The lines needed are those below that contain the word "Ellipse"; copy each one.

(Beginning of TASK MATERIAL)

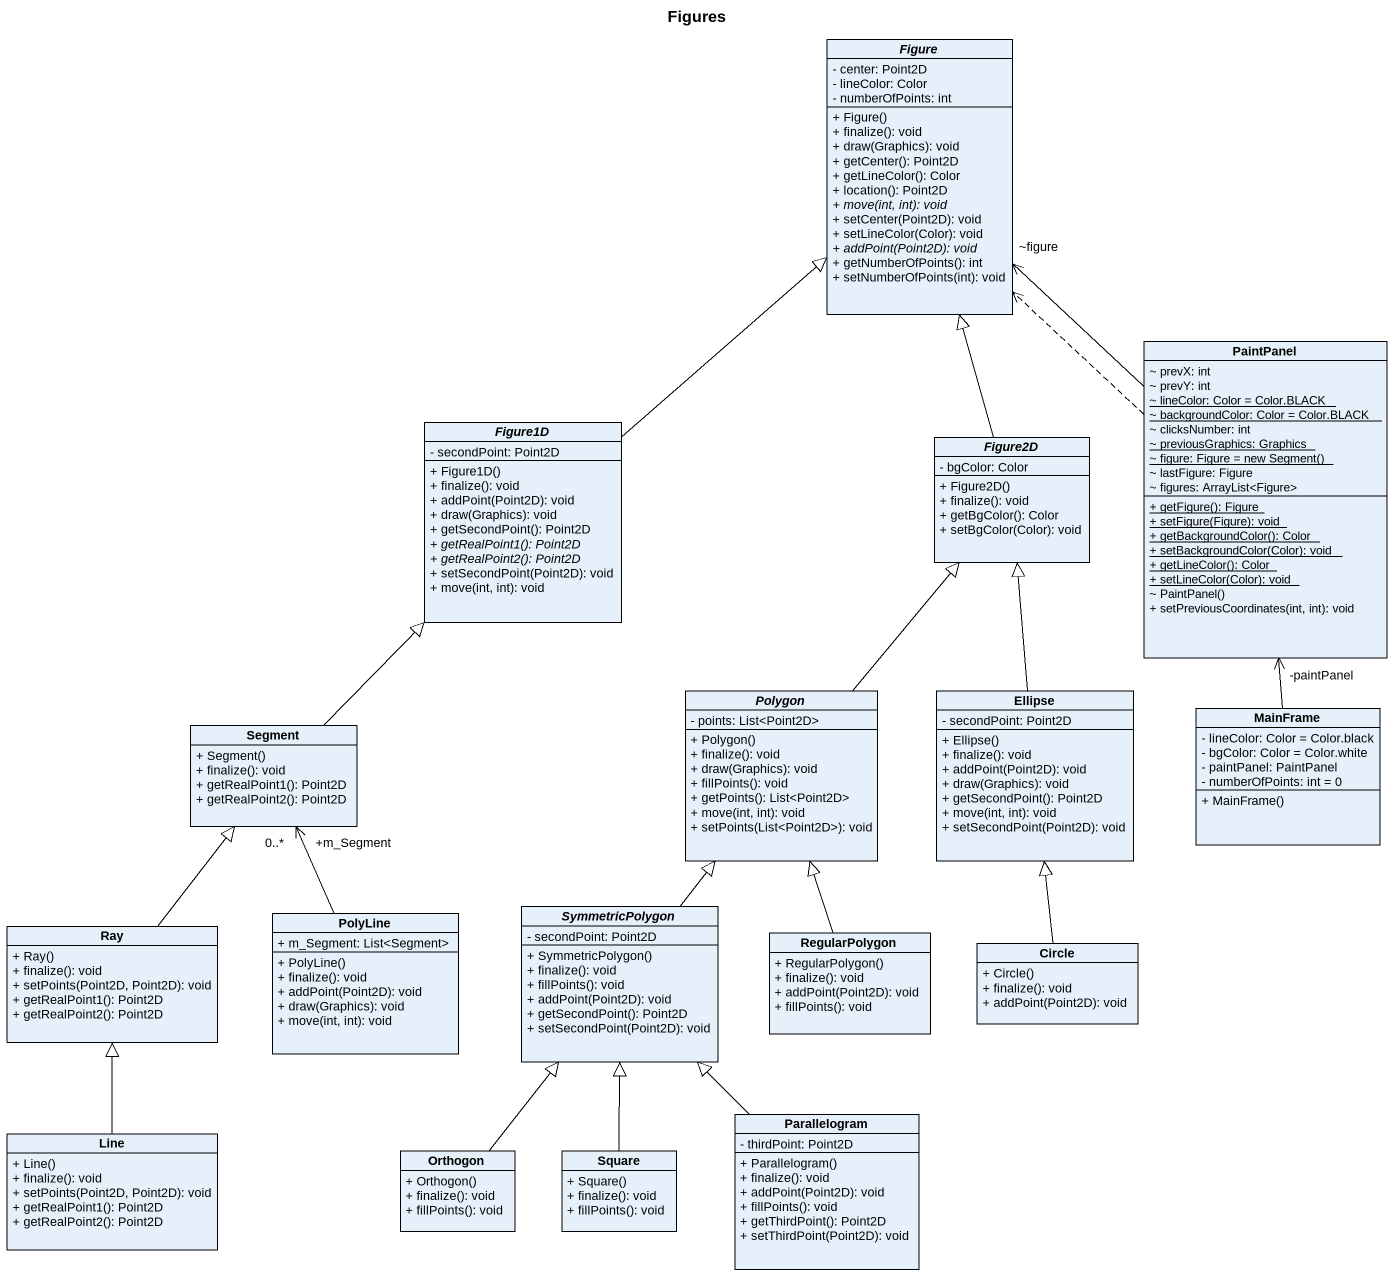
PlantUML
@startuml
title Figures
hide circle
hide empty members
skinparam classAttributeIconSize 0
abstract class Figure {
  - center: Point2D
  - lineColor: Color
  - numberOfPoints: int
  + Figure()
  + finalize(): void
  + draw(Graphics): void
  + getCenter(): Point2D
  + getLineColor(): Color
  + location(): Point2D
  {abstract} + move(int, int): void
  + setCenter(Point2D): void
  + setLineColor(Color): void
  {abstract} + addPoint(Point2D): void
  + getNumberOfPoints(): int
  + setNumberOfPoints(int): void
}
class PaintPanel {
  ~ prevX: int
  ~ prevY: int
  {static} ~ lineColor: Color = Color.BLACK
  {static} ~ backgroundColor: Color = Color.BLACK
  ~ clicksNumber: int
  {static} ~ previousGraphics: Graphics
  {static} {field} ~ figure: Figure = new Segment()
  ~ lastFigure: Figure
  ~ figures: ArrayList<Figure>
  {static} + getFigure(): Figure
  {static} + setFigure(Figure): void
  {static} + getBackgroundColor(): Color
  {static} + setBackgroundColor(Color): void
  {static} + getLineColor(): Color
  {static} + setLineColor(Color): void
  ~ PaintPanel()
  + setPreviousCoordinates(int, int): void
}
abstract class Figure1D {
  - secondPoint: Point2D
  + Figure1D()
  + finalize(): void
  + addPoint(Point2D): void
  + draw(Graphics): void
  + getSecondPoint(): Point2D
  {abstract} + getRealPoint1(): Point2D
  {abstract} + getRealPoint2(): Point2D
  + setSecondPoint(Point2D): void
  + move(int, int): void
}
abstract class Figure2D {
  - bgColor: Color
  + Figure2D()
  + finalize(): void
  + getBgColor(): Color
  + setBgColor(Color): void
}
abstract class Polygon {
  - points: List<Point2D>
  + Polygon()
  + finalize(): void
  + draw(Graphics): void
  + fillPoints(): void
  + getPoints(): List<Point2D>
  + move(int, int): void
  + setPoints(List<Point2D>): void
}
class Ellipse {
  - secondPoint: Point2D
  + Ellipse()
  + finalize(): void
  + addPoint(Point2D): void
  + draw(Graphics): void
  + getSecondPoint(): Point2D
  + move(int, int): void
  + setSecondPoint(Point2D): void
}
class "MainFrame" as MainFrame_ {
  - lineColor: Color = Color.black
  - bgColor: Color = Color.white
  - paintPanel: PaintPanel
  - numberOfPoints: int = 0
  + MainFrame()
}
class Segment {
  + Segment()
  + finalize(): void
  + getRealPoint1(): Point2D
  + getRealPoint2(): Point2D
}
class PolyLine {
  + m_Segment: List<Segment>
  + PolyLine()
  + finalize(): void
  + addPoint(Point2D): void
  + draw(Graphics): void
  + move(int, int): void
}
abstract class SymmetricPolygon {
  - secondPoint: Point2D
  + SymmetricPolygon()
  + finalize(): void
  + fillPoints(): void
  + addPoint(Point2D): void
  + getSecondPoint(): Point2D
  + setSecondPoint(Point2D): void
}
class Ray {
  + Ray()
  + finalize(): void
  + setPoints(Point2D, Point2D): void
  + getRealPoint1(): Point2D
  + getRealPoint2(): Point2D
}
class RegularPolygon {
  + RegularPolygon()
  + finalize(): void
  + addPoint(Point2D): void
  + fillPoints(): void
}
class "Circle" as Circle_ {
  + Circle()
  + finalize(): void
  + addPoint(Point2D): void
}
class Parallelogram {
  - thirdPoint: Point2D
  + Parallelogram()
  + finalize(): void
  + addPoint(Point2D): void
  + fillPoints(): void
  + getThirdPoint(): Point2D
  + setThirdPoint(Point2D): void
}
class Line {
  + Line()
  + finalize(): void
  + setPoints(Point2D, Point2D): void
  + getRealPoint1(): Point2D
  + getRealPoint2(): Point2D
}
class Orthogon {
  + Orthogon()
  + finalize(): void
  + fillPoints(): void
}
class Square {
  + Square()
  + finalize(): void
  + fillPoints(): void
}
PaintPanel .up.> Figure
PaintPanel -up-> "~figure" Figure
Figure1D -up-|> Figure
Figure2D -up-|> Figure
Polygon -up-|> Figure2D
Ellipse -up-|> Figure2D
MainFrame_ -up-> "-paintPanel" PaintPanel
Segment -up-|> Figure1D
PolyLine -up-> "+m_Segment\n0..*" Segment
SymmetricPolygon -up-|> Polygon
Ray -up-|> Segment
RegularPolygon -up-|> Polygon
Circle_ -up-|> Ellipse
Parallelogram -up-|> SymmetricPolygon
Line -up-|> Ray
Orthogon -up-|> SymmetricPolygon
Square -up-|> SymmetricPolygon
@enduml

(End of TASK MATERIAL)

**ANSWER TO THE PROBLEM:**
class Ellipse {
  + Ellipse()
Ellipse -up-|> Figure2D
Circle_ -up-|> Ellipse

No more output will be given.